The Al-Cu-Mg light alloys storage such that their use for building structural, marine offshore, and aeroplane components with excellent strength/weight ratios would not be possible without adherent anti-corrosion preservation. Many techniques and strategies are still being used to treat the surface, such as cladding, anodizing, and greasing. However, due to the cost, time consumed, and processing these techniques is considered complicated. Therefore, applying volatile organic inhibitors components are now being used effectively. Benzimidazole (BZI) and its derivatives are one of these film-forming chemicals used on copper and steel directly or as injectable combined with other carriers such as fatty acids or dissolvable hydrocarbons with high efficiency on corrosion protection. Therefore, this paper will investigate the enhancement of the corrosion protection afforded by direct spraying of BZI solution on the surface of aluminium alloy 2024-t3. The corrosion protection performance results from the high electro-negativity of BZI and as a film-forming inhibitor, which will be adsorbed on the metallic surface as it may emulate the active protection. The corrosion protection properties of the BZI film-forming coating were preliminary studied within 3.5% NaCl by using electrochemical impedance testing and simulations.
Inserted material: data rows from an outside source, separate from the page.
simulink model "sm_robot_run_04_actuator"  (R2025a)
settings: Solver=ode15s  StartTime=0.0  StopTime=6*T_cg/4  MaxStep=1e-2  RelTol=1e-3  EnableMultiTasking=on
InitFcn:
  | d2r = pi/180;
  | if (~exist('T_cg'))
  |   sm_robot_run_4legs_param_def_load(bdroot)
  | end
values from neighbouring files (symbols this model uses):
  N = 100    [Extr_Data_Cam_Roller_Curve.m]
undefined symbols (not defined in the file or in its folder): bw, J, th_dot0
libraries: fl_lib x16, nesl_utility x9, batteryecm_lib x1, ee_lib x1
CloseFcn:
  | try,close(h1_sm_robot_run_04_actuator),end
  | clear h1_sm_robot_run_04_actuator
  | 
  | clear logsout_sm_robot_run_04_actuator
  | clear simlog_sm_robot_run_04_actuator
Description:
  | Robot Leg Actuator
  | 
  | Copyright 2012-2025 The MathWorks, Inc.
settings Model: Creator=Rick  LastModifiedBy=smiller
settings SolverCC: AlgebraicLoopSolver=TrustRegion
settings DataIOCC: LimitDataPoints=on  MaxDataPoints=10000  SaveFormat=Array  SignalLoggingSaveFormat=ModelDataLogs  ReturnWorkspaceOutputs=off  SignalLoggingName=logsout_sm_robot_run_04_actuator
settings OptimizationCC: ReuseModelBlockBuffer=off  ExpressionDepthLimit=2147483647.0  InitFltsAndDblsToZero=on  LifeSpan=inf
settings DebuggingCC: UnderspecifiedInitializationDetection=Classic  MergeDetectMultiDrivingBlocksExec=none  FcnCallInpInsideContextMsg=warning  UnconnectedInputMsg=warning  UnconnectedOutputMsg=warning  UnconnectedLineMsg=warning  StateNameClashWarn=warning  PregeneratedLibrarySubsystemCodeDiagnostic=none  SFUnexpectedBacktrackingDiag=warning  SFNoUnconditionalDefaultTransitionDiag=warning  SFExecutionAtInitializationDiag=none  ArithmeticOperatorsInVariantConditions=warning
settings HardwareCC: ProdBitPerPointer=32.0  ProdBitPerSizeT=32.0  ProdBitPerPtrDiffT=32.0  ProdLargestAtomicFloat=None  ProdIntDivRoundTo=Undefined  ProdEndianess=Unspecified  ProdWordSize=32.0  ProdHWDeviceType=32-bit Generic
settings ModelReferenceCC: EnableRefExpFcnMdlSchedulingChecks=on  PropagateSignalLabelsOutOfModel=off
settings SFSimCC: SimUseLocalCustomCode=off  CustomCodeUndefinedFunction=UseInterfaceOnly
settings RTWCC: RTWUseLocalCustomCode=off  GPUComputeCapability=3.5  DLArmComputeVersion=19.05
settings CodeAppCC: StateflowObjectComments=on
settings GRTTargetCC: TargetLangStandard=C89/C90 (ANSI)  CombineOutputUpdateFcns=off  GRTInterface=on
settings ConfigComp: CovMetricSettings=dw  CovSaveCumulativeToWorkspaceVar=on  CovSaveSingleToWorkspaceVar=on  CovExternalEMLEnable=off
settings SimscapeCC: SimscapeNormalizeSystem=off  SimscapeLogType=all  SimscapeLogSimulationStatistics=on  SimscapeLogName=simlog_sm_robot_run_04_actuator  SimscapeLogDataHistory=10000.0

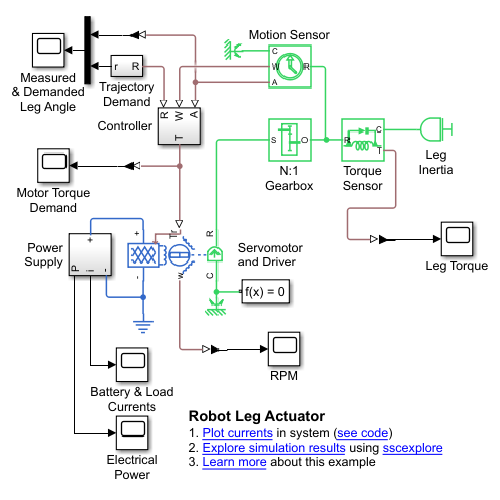
[thumbnail: Simulink's stored preview of the top-level diagram]
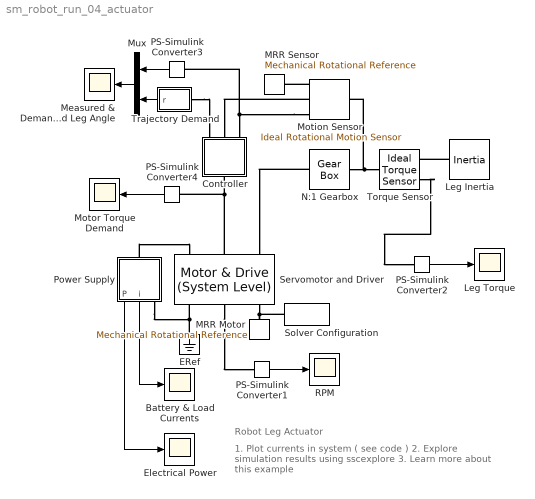
== system sm_robot_run_04_actuator ==
  note: Robot Leg Actuator
  note: 1. Plot currents in system ( see code )
      | 2. Explore simulation results using sscexplore
      | 3. Learn more about this example
  Battery & Load Currents : Scope
      settings: ActiveDisplayYMinimum=-1  ActiveDisplayYMaximum=1.5  DataLoggingVariableName=battery
  Controller : Subsystem
  ERef : fl_lib/Electrical/Electrical Elements/Electrical Reference
  Electrical Power : Scope
      settings: ActiveDisplayYMinimum=-20  ActiveDisplayYMaximum=30  DataLoggingVariableName=ScopeData4
  Leg Inertia : fl_lib/Mechanical/Rotational Elements/Inertia  inertia=J kg*m^2  num_ports=foundation.enum.numPorts2.one  w_specify=on  w_priority=High  w=th_dot0 deg/s  w_nominal_specify=off  w_nominal_value=1  w_nominal_unit=rad/s  t_specify=off  t_priority=None  t=0 N*m  t_nominal_specify=off  t_nominal_value=1  t_nominal_unit=N*m
  Leg Torque : Scope
      settings: TimeSpan=1.4  DataLoggingVariableName=ScopeData2
  MRR Motor : fl_lib/Mechanical/Rotational Elements/Mechanical Rotational Reference
  MRR Sensor : fl_lib/Mechanical/Rotational Elements/Mechanical Rotational Reference
  Measured & Demanded Leg Angle : Scope
      settings: ActiveDisplayYMinimum=-20  ActiveDisplayYMaximum=80
  Motion Sensor : fl_lib/Mechanical/Mechanical Sensors/Ideal Rotational Motion Sensor  reference=foundation.enum.MeasurementReference.difference  acceleration_port=false  velocity_port=true  position_port=true  wrap_angle=simscape.enum.onoff.off  offset=0 deg
  Motor Torque Demand : Scope
      settings: TimeSpan=1.4  ActiveDisplayYMinimum=-0.1  ActiveDisplayYMaximum=0.1  DataLoggingVariableName=ScopeData3
  Mux : Mux  Inputs=2
  N:1 Gearbox : fl_lib/Mechanical/Mechanisms/Gear Box  ratio=N  t_in_specify=off  t_in_priority=None  t_in=0 N*m  t_in_nominal_specify=off  t_in_nominal_value=1  t_in_nominal_unit=N*m  t_out_specify=off  t_out_priority=None  t_out=0 N*m  t_out_nominal_specify=off  t_out_nominal_value=1  t_out_nominal_unit=N*m
  PS-Simulink Converter1 : nesl_utility/PS-Simulink Converter  PhysicalDomain=network_engine_domain  SubClassName=ps_output  LeftPortType=input  RightPortType=output  PseudoPeriodic=off  Frequencies=[]  VectorFormat=1-D array  Unit=rpm  AffineConversion=off
  PS-Simulink Converter2 : nesl_utility/PS-Simulink Converter  PhysicalDomain=network_engine_domain  SubClassName=ps_output  LeftPortType=input  RightPortType=output  PseudoPeriodic=off  Frequencies=[]  VectorFormat=1-D array  Unit=N*m  AffineConversion=off
  PS-Simulink Converter3 : nesl_utility/PS-Simulink Converter  PhysicalDomain=network_engine_domain  SubClassName=ps_output  LeftPortType=input  RightPortType=output  PseudoPeriodic=off  Frequencies=[]  VectorFormat=1-D array  Unit=deg  AffineConversion=off
  PS-Simulink Converter4 : nesl_utility/PS-Simulink Converter  PhysicalDomain=network_engine_domain  SubClassName=ps_output  LeftPortType=input  RightPortType=output  PseudoPeriodic=off  Frequencies=[]  VectorFormat=1-D array  Unit=N*m  AffineConversion=off
  Power Supply : Subsystem
  RPM : Scope
      settings: ActiveDisplayYMinimum=-2000  ActiveDisplayYMaximum=4000
  Servomotor and Driver : ee_lib/Electromechanical/Motor & Drive (System Level)  torque_speed_param=1  overtorque_param=ee.enum.electromech.overtorque.no  T_t="[  0.13 0.115 0.1 0 ] N*m"  T_t_intermittent=[.36, .32, .28, 0] N*m  T_t_2D=[.09, .09, .09; .08, .08, .08; .07, .07, .07; 0, 0, 0] N*m  T_t_intermittent_2D=[.36, .36, .36; .32, .32, .32; .28, .28, .28; 0, 0, 0] N*m  w_t="[  0 2e+03 4e+03 4.1e3] rpm"  vdc_t=[6, 12, 24] V  torque_max=0.1 N*m  power_max=30 W  torque_max_intermittent=0.4 N*m  power_max_intermittent=120 W  time_overtorque=30 s  time_recover=60 s  Tc=0.01 s  EnableSwitch=simscape.enum.onoff.off  losses_param=1  eff=100  w_eff=3.75e+3 rpm  T_eff=0.08 N*m  Piron=0 W  Pbase=0 W  w_eff_vec=[-8000 -4000 0 4000 8000] rpm  T_eff_vec=[0 0.03 0.06 0.09] N*m  v_eff_vec=[100, 250, 400] V  losses_mat=[1.49 1.67 2.21 3.10; 0.42 0.69 1.14 2.03; 0.06 0.24 0.78 1.68; 0.42 0.69 1.14 2.03; 1.49 1.67 2.21 3.10] W  efficiency_mat=[95 95 95 95; 95 95 95 95; 95 95 95 95; 95 95 95 95; 95 95 95 95]  losses_mat_3D=ones(5, 4, 3) W  efficiency_mat_3D=95 * ones(5, 4, 3)  Res=1 Ohm  J=50 g*cm^2  lam=0 N*m/(rad/s)  speed0=th_dot0*N deg/s  faulted_specify=off  faulted_priority=None  faulted=0  faulted_nominal_specify=off  faulted_nominal_value=1  faulted_nominal_unit=1  isSwitchedOff_specify=off  isSwitchedOff_priority=None  isSwitchedOff=0  isSwitchedOff_nominal_specify=off  isSwitchedOff_nominal_value=1  isSwitchedOff_nominal_unit=1  torqueLimitContinuous_specify=off  torqueLimitContinuous_priority=None  torqueLimitContinuous=0 N*m  torqueLimitContinuous_nominal_specify=off  torqueLimitContinuous_nominal_value=1  torqueLimitContinuous_nominal_unit=N*m  alpha=3.93e-3 1/K  Tmeas=25 degC  Tmeas2=125 degC  losses_mat_T2=[1.49, 1.74, 2.49, 3.74; .42, .67, 1.42, 2.67; .06, .31, 1.06, 2.31; .42, .67, 1.42, 2.67; 1.49, 1.74, 2.49, 3.74] W  efficiency_mat_T2=[95, 95, 95, 95; 95, 95, 95, 95; 95, 95, 95, 95; 95, 95, 95, 95; 95, 95, 95, 95]  losses_mat_3D_T2=ones(5, 4, 3) W  efficiency_mat_3D_T2=95 * ones(5, 4, 3)  thermal_mass=100 J/K  initial_temperature=25 degC
  Solver Configuration : nesl_utility/Solver Configuration  PhysicalDomain=network_engine_domain  SubClassName=solver  LeftPortType=input  RightPortType=generic  Tones=[]  Harmonics=[]  SimulateNoise=off  Profile=off  UseLocalSampling=off  EnableSwitchedLinearOptims=on  FrequencyDomain=off  UseCCode=off  RelTol=0.001  AbsTol=1e-06  MinStep=1e-09  ToWorkspace=off  RevertToSquareIcSolve=off  NumHomotopyIterations=100  PhasorMode=off  PhasorModeNumHarmonics=1  ConsistencySolver=NEWTON_FTOL  IndexReductionMethod=DerivativeReplacement  DoDC=off  ResidualTolerance=1e-9  ConsistencyTolSource=GLOBAL  ConsistencyAbsTol=0.001  ConsistencyRelTol=0.001  ConsistencyTolFactor=0.001  UseLocalSolver=off  LocalSolverChoice=NE_BACKWARD_EULER_ADVANCER  ResolveIndetEquations=on  FunctionEvalNumThread=1  LocalSolverSampleTime=.001  DoFixedCost=off  MaxNonlinIter=12  MaxModeIter=2  ComputeImpulses=off  ImpulseIterations=2  LinearAlgebra=Sparse  LinearAlgebraNumThread=0  EquationFormulation=NE_TIME_EF  DelaysMemoryBudget=1024  AutomaticFiltering=on  FilteringTimeConstant=0.001  PartitionStorageMethod=AS_NEEDED  PartitionMemoryBudget=1024  PartitionMethod=FAST  MultibodyUseLocalSolver=off  MultibodyLocalSolverChoice=ODE1  MultibodyLocalSolverSampleTime=0.001
  Torque Sensor : fl_lib/Mechanical/Mechanical Sensors/Ideal Torque Sensor
  Trajectory Demand : Subsystem
  wires:
  PS-Simulink Converter2/1 -> Leg Torque/1
  PS-Simulink Converter1/1 -> RPM/1
  Trajectory Demand/1(r) -> Mux/2
  PS-Simulink Converter3/1 -> Mux/1
  Mux/1 -> Measured & Demanded Leg Angle/1
  PS-Simulink Converter4/1 -> Motor Torque Demand/1
  Power Supply/1(P) -> Electrical Power/1
  Power Supply/2(i) -> Battery & Load Currents/1
  connections:
  Power Supply/LConn1 -- Servomotor and Driver/LConn1
  Servomotor and Driver/RConn3 -- MRR Motor/LConn1 -- Solver Configuration/RConn1
  Torque Sensor/RConn2 -- PS-Simulink Converter2/LConn1
  Leg Inertia/LConn1 -- Torque Sensor/RConn1
  N:1 Gearbox/LConn1 -- Servomotor and Driver/LConn3
  N:1 Gearbox/RConn1 -- Torque Sensor/LConn1 -- Motion Sensor/LConn1
  Servomotor and Driver/LConn2 -- Controller/RConn1 -- PS-Simulink Converter4/LConn1
  Servomotor and Driver/RConn2 -- PS-Simulink Converter1/LConn1
  Motion Sensor/RConn1 -- MRR Sensor/LConn1
  Motion Sensor/RConn2 -- Controller/LConn2
  Trajectory Demand/LConn1 -- Controller/LConn1
  Motion Sensor/RConn3 -- PS-Simulink Converter3/LConn1 -- Controller/LConn3
  ERef/LConn1 -- Servomotor and Driver/RConn1 -- Power Supply/RConn1

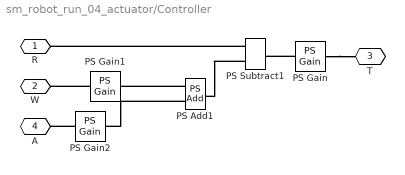
== system sm_robot_run_04_actuator/Controller ==
  PS Add1 : fl_lib/Physical Signals/Functions/PS Add
  PS Gain : fl_lib/Physical Signals/Functions/PS Gain  gain=bw*J/N
  PS Gain1 : fl_lib/Physical Signals/Functions/PS Gain  gain=1 (N*m)/(rad/s)
  PS Gain2 : fl_lib/Physical Signals/Functions/PS Gain  gain=1 (N*m)/(rad)
  PS Subtract1 : fl_lib/Physical Signals/Functions/PS Subtract
  R : PMIOPort  Side=Left
  W : PMIOPort  Port=2  Side=Left
  T : PMIOPort  Port=3  Side=Right
  A : PMIOPort  Port=4  Side=Left
  connections:
  PS Gain/LConn1 -- PS Subtract1/RConn1
  PS Gain/RConn1 -- T/RConn1
  PS Add1/LConn1 -- PS Gain1/RConn1
  PS Subtract1/LConn2 -- PS Add1/RConn1
  PS Add1/LConn2 -- PS Gain2/RConn1
  PS Subtract1/LConn1 -- R/RConn1
  PS Gain1/LConn1 -- W/RConn1
  PS Gain2/LConn1 -- A/RConn1

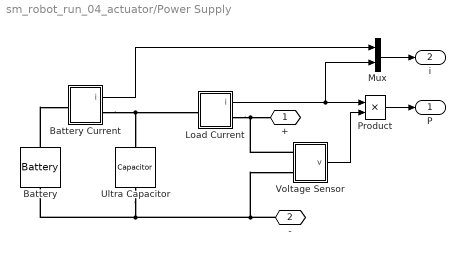
== system sm_robot_run_04_actuator/Power Supply ==
  Battery : batteryecm_lib/Battery  Vnom=24 V  prm_dir=1  R1_dis=2 Ohm  R1_ch=2 Ohm  R1=1 Ohm  prm_AH=2  AH=10 hr*A  V1=22 V  AH1=5 hr*A  prm_R2=1  R2=2e+03 Ohm  Tmeas=298.15 K  charge_measurement_port=simscape.enum.battery.enable.no  prm_dyn=1  Rp1=0.005 Ohm  tau1=30 s  Rp2=0.005 Ohm  tau2=30 s  Rp3=0.005 Ohm  tau3=30 s  Rp4=0.005 Ohm  tau4=30 s  Rp5=0.005 Ohm  tau5=30 s  prm_fade=1  N_fade=100  AH_fade=45 hr*A  R1_fade=2.02 Ohm  R1_ch_fade=2.02 Ohm  V1_fade=10.35 V  prm_age=1  prm_age_OCV=1  OCV_age=0.9  SOC_age=60  Tmeas_age=298.15 K  delta_time_age_vec=[0] d  temperature_age_vec=[273] K  OCV_scaling_age=2.2134e6  OCV_offset_age=1.632e6  temp_exp_age=0.515833569 V  t_exp_age=0.75  Vnom_T2=12 V  R1_T2=2.2 Ohm  R1_T2_dis=2.2 Ohm  R1_T2_ch=2.2 Ohm  V1_T2=11.4 V  R2_T2=2200 Ohm  Rp1_T2=0.005 Ohm  tau1_T2=30 s  Rp2_T2=0.005 Ohm  tau2_T2=30 s  Rp3_T2=0.005 Ohm  tau3_T2=30 s  Rp4_T2=0.005 Ohm  tau4_T2=30 s  Rp5_T2=0.005 Ohm  tau5_T2=30 s  Tmeas2=273.15 K  thermal_port=simscape.enum.thermaleffects.omit  thermal_mass=30000 J/K  i_specify=off  i_priority=None  i=0 A  i_nominal_specify=off  i_nominal_value=1  i_nominal_unit=A  v_specify=off  v_priority=None  v=0 V  v_nominal_specify=off  v_nominal_value=1  v_nominal_unit=V  charge_specify=on  charge_priority=High  charge=5 hr*A  charge_nominal_specify=off  charge_nominal_value=1  charge_nominal_unit=A*hr  num_cycles_specify=off  num_cycles_priority=High  num_cycles=0  num_cycles_nominal_specify=off  num_cycles_nominal_value=1  num_cycles_nominal_unit=1  temperature_specify=off  temperature_priority=High  temperature=298.15 K  temperature_nominal_specify=off  temperature_nominal_value=1  temperature_nominal_unit=K
  Battery Current : Subsystem
  Load Current : Subsystem
  Mux : Mux  Inputs=2
  Product : Product  RndMeth=Zero
  Ultra Capacitor : fl_lib/Electrical/Electrical Elements/Capacitor  c=1 F  r=1e-06 Ohm  g=0 1/Ohm  i_specify=off  i_priority=None  i=0 A  i_nominal_specify=off  i_nominal_value=1  i_nominal_unit=A  v_specify=off  v_priority=None  v=0 V  v_nominal_specify=off  v_nominal_value=1  v_nominal_unit=V  vc_specify=on  vc_priority=High  vc=22 V  vc_nominal_specify=off  vc_nominal_value=1  vc_nominal_unit=V
  Voltage Sensor : Subsystem
  + : PMIOPort  Side=Left
  - : PMIOPort  Port=2  Side=Right
  P : Outport  VectorParamsAs1DForOutWhenUnconnected=off
  i : Outport  Port=2  VectorParamsAs1DForOutWhenUnconnected=off
  wires:
  Load Current/1(i) -> Product/1, Mux/2
  Voltage Sensor/1(v) -> Product/2
  Product/1 -> P/1
  Battery Current/1(i) -> Mux/1
  Mux/1 -> i/1
  connections:
  -/RConn1 -- Voltage Sensor/LConn2 -- Battery/RConn1 -- Ultra Capacitor/RConn1
  Voltage Sensor/LConn1 -- +/RConn1 -- Load Current/RConn1
  Battery/LConn1 -- Battery Current/LConn1
  Battery Current/RConn1 -- Load Current/LConn1 -- Ultra Capacitor/LConn1

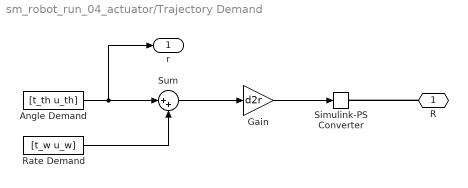
== system sm_robot_run_04_actuator/Trajectory Demand ==
  Angle Demand : FromWorkspace  VariableName=[t_th u_th]  ZeroCross=off  OutputAfterFinalValue=Holding final value
  Gain : Gain  Gain=d2r
  Rate Demand : FromWorkspace  VariableName=[t_w u_w]  ZeroCross=off  OutputAfterFinalValue=Holding final value
  Simulink-PS Converter : nesl_utility/Simulink-PS Converter  PhysicalDomain=network_engine_domain  SubClassName=ps_input  LeftPortType=input  RightPortType=output  PseudoPeriodic=off  Frequencies=[]  NoiseDistribution=none  NoiseParameters=[]  Unit=N*m  AffineConversion=off  FilteringAndDerivatives=zero  SimscapeFilterOrder=1  InputFilterTimeConstant=0.005  UdotUserProvided=[]
  Sum : Sum  Inputs=|++
  R : PMIOPort  Side=Left
  r : Outport  VectorParamsAs1DForOutWhenUnconnected=off
  wires:
  Gain/1 -> Simulink-PS Converter/1
  Sum/1 -> Gain/1
  Angle Demand/1 -> Sum/1, r/1
  Rate Demand/1 -> Sum/2
  connections:
  R/RConn1 -- Simulink-PS Converter/RConn1

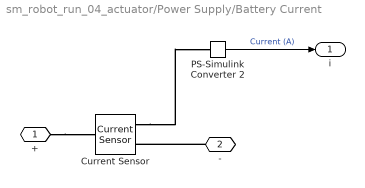
== system sm_robot_run_04_actuator/Power Supply/Battery Current ==
  Current Sensor : fl_lib/Electrical/Electrical Sensors/Current Sensor
  PS-Simulink Converter 2 : nesl_utility/PS-Simulink Converter  PhysicalDomain=network_engine_domain  SubClassName=ps_output  LeftPortType=input  RightPortType=output  PseudoPeriodic=off  Frequencies=[]  VectorFormat=1-D array  Unit=A  AffineConversion=off
  + : PMIOPort  Side=Left
  - : PMIOPort  Port=2  Side=Right
  i : Outport  VectorParamsAs1DForOutWhenUnconnected=off
  wires:
  PS-Simulink Converter 2/1 -> i/1  "Current (A)"
  connections:
  +/RConn1 -- Current Sensor/LConn1
  -/RConn1 -- Current Sensor/RConn2
  Current Sensor/RConn1 -- PS-Simulink Converter 2/LConn1

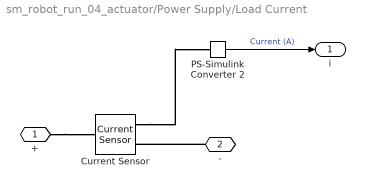
== system sm_robot_run_04_actuator/Power Supply/Load Current ==
  Current Sensor : fl_lib/Electrical/Electrical Sensors/Current Sensor
  PS-Simulink Converter 2 : nesl_utility/PS-Simulink Converter  PhysicalDomain=network_engine_domain  SubClassName=ps_output  LeftPortType=input  RightPortType=output  PseudoPeriodic=off  Frequencies=[]  VectorFormat=1-D array  Unit=A  AffineConversion=off
  + : PMIOPort  Side=Left
  - : PMIOPort  Port=2  Side=Right
  i : Outport  VectorParamsAs1DForOutWhenUnconnected=off
  wires:
  PS-Simulink Converter 2/1 -> i/1  "Current (A)"
  connections:
  Current Sensor/RConn1 -- PS-Simulink Converter 2/LConn1
  -/RConn1 -- Current Sensor/RConn2
  +/RConn1 -- Current Sensor/LConn1

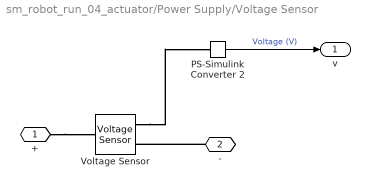
== system sm_robot_run_04_actuator/Power Supply/Voltage Sensor ==
  PS-Simulink Converter 2 : nesl_utility/PS-Simulink Converter  PhysicalDomain=network_engine_domain  SubClassName=ps_output  LeftPortType=input  RightPortType=output  PseudoPeriodic=off  Frequencies=[]  VectorFormat=1-D array  Unit=V  AffineConversion=off
  Voltage Sensor : fl_lib/Electrical/Electrical Sensors/Voltage Sensor
  + : PMIOPort  Side=Left
  - : PMIOPort  Port=2  Side=Left
  v : Outport  VectorParamsAs1DForOutWhenUnconnected=off
  wires:
  PS-Simulink Converter 2/1 -> v/1  "Voltage (V)"
  connections:
  +/RConn1 -- Voltage Sensor/LConn1
  -/RConn1 -- Voltage Sensor/RConn2
  Voltage Sensor/RConn1 -- PS-Simulink Converter 2/LConn1

The surface chemical adsorption confirmation was done by infrared spectroscopy (ATR-FTIR), supported by analyzing the morphology of the surface before and after the immersion testing by using scanning electron microscopy (SEM) and real-image within one week of immersion. The Benzimidazole film-forming coating exhibited good anti-corrosion properties, providing an adherent protection film on AA 2024-t3 samples comparing to cladded bare AA2024-t3 with a cost-effective and easy applying process.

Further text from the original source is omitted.